_WHAT THE TASK REQUIRES_: Please take the records that follow and repeat exactly the lines starting with the line with "doc.styles.add('COMPLEX', font='COMPLEX')" and going on through the line with "(38, 66)], flags=24)".

[Data items]
++++++++++

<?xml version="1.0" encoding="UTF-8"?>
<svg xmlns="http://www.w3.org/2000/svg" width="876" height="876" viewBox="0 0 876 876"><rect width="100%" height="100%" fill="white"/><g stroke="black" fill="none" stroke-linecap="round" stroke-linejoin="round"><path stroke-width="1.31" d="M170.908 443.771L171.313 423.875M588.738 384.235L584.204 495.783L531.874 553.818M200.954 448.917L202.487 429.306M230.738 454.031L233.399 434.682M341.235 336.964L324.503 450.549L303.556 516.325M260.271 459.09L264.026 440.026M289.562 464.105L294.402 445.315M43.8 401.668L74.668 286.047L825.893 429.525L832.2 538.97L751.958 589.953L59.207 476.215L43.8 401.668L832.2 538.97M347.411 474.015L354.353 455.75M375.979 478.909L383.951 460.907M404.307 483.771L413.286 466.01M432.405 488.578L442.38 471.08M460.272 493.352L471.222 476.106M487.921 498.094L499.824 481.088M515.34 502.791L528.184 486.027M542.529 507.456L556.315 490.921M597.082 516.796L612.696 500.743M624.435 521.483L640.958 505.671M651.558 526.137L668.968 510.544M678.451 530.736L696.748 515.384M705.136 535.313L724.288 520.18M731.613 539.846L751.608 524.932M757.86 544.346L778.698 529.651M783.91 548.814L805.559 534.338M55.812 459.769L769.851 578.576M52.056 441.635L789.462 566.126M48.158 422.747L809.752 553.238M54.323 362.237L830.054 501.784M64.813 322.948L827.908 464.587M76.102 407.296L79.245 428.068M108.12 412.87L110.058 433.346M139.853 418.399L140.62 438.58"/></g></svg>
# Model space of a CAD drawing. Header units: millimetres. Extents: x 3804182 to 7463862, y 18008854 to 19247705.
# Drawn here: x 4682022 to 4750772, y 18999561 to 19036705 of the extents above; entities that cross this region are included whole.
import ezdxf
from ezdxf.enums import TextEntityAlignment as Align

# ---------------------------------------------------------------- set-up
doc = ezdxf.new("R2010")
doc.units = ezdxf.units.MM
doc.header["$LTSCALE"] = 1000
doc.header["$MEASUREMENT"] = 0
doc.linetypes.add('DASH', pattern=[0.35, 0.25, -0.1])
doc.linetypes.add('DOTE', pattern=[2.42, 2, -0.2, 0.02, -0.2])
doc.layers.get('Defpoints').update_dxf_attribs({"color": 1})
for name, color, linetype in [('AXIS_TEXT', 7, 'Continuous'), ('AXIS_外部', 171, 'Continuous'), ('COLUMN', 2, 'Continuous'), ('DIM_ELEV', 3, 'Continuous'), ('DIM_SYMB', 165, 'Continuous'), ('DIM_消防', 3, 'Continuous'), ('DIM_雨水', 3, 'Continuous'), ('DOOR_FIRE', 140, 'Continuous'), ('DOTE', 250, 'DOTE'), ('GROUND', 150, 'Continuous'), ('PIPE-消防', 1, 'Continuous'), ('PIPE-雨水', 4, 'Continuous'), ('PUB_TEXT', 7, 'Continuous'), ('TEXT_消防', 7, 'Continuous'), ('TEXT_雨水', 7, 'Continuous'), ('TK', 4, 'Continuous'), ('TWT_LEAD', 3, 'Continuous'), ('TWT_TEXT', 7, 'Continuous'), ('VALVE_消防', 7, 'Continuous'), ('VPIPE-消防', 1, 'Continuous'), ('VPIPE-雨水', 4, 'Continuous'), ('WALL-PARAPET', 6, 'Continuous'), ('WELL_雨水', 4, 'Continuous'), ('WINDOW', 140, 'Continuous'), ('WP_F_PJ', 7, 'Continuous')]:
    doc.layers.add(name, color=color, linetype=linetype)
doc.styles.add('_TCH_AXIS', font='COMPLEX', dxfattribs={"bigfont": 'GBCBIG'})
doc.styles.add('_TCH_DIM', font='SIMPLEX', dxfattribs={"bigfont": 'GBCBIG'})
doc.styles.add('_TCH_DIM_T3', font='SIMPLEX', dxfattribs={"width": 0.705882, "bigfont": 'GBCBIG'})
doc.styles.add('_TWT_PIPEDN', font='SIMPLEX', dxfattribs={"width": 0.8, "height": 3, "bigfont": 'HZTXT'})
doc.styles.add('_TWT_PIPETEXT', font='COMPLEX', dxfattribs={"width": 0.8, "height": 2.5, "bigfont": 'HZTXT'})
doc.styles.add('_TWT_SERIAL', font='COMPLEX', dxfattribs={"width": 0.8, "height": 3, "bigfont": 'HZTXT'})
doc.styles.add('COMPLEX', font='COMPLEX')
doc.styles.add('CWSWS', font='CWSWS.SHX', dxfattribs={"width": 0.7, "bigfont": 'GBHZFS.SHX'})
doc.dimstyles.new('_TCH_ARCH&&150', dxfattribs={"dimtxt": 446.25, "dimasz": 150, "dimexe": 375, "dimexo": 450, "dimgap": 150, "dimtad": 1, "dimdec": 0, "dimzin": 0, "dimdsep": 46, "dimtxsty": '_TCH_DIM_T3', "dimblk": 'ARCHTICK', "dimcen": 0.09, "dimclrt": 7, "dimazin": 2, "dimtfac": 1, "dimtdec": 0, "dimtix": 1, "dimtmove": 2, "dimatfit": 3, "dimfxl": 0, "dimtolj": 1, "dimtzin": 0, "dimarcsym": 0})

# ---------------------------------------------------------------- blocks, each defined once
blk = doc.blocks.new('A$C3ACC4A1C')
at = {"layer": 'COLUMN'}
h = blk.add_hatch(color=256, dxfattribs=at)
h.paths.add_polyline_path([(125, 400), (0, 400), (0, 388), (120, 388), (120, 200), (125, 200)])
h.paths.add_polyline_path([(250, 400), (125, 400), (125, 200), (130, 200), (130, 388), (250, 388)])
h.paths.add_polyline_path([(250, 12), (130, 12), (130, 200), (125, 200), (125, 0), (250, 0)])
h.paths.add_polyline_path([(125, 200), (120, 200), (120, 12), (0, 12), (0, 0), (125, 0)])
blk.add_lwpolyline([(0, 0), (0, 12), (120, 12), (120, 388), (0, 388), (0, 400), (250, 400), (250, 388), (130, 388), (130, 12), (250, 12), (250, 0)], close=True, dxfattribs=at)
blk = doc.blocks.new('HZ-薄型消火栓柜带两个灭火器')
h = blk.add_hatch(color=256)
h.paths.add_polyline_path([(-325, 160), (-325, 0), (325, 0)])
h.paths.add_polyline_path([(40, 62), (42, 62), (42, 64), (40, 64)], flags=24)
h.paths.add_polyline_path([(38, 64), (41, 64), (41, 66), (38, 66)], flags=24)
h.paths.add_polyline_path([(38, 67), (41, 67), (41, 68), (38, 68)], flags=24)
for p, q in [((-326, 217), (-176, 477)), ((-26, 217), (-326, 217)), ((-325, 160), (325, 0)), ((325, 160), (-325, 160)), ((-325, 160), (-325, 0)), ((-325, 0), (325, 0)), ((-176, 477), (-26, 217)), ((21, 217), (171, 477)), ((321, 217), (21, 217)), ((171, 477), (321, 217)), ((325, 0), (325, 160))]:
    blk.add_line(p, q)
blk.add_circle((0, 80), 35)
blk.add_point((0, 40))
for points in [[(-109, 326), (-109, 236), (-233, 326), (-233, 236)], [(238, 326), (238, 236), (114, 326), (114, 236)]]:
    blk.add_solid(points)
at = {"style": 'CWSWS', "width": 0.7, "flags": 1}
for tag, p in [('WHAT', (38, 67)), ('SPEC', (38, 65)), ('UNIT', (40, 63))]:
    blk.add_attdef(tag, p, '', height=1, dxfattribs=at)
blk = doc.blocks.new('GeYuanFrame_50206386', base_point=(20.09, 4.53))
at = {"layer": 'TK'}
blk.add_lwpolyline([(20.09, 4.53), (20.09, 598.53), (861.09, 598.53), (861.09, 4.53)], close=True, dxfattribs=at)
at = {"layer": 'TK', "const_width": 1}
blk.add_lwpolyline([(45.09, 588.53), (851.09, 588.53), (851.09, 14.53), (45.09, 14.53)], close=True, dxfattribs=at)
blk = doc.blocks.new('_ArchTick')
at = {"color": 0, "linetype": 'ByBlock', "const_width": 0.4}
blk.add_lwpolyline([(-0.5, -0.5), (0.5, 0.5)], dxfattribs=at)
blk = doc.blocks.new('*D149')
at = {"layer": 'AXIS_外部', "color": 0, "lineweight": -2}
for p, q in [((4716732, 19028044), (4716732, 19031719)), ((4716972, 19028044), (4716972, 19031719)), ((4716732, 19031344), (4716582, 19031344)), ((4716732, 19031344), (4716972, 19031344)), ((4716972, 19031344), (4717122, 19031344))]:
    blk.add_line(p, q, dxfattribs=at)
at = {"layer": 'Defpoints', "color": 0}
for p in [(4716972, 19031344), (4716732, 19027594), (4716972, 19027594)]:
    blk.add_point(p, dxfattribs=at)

++++++++++

_REPLY TO THE EXERCISE_:
doc.styles.add('COMPLEX', font='COMPLEX')
doc.styles.add('CWSWS', font='CWSWS.SHX', dxfattribs={"width": 0.7, "bigfont": 'GBHZFS.SHX'})
doc.dimstyles.new('_TCH_ARCH&&150', dxfattribs={"dimtxt": 446.25, "dimasz": 150, "dimexe": 375, "dimexo": 450, "dimgap": 150, "dimtad": 1, "dimdec": 0, "dimzin": 0, "dimdsep": 46, "dimtxsty": '_TCH_DIM_T3', "dimblk": 'ARCHTICK', "dimcen": 0.09, "dimclrt": 7, "dimazin": 2, "dimtfac": 1, "dimtdec": 0, "dimtix": 1, "dimtmove": 2, "dimatfit": 3, "dimfxl": 0, "dimtolj": 1, "dimtzin": 0, "dimarcsym": 0})

# ---------------------------------------------------------------- blocks, each defined once
blk = doc.blocks.new('A$C3ACC4A1C')
at = {"layer": 'COLUMN'}
h = blk.add_hatch(color=256, dxfattribs=at)
h.paths.add_polyline_path([(125, 400), (0, 400), (0, 388), (120, 388), (120, 200), (125, 200)])
h.paths.add_polyline_path([(250, 400), (125, 400), (125, 200), (130, 200), (130, 388), (250, 388)])
h.paths.add_polyline_path([(250, 12), (130, 12), (130, 200), (125, 200), (125, 0), (250, 0)])
h.paths.add_polyline_path([(125, 200), (120, 200), (120, 12), (0, 12), (0, 0), (125, 0)])
blk.add_lwpolyline([(0, 0), (0, 12), (120, 12), (120, 388), (0, 388), (0, 400), (250, 400), (250, 388), (130, 388), (130, 12), (250, 12), (250, 0)], close=True, dxfattribs=at)
blk = doc.blocks.new('HZ-薄型消火栓柜带两个灭火器')
h = blk.add_hatch(color=256)
h.paths.add_polyline_path([(-325, 160), (-325, 0), (325, 0)])
h.paths.add_polyline_path([(40, 62), (42, 62), (42, 64), (40, 64)], flags=24)
h.paths.add_polyline_path([(38, 64), (41, 64), (41, 66), (38, 66)], flags=24)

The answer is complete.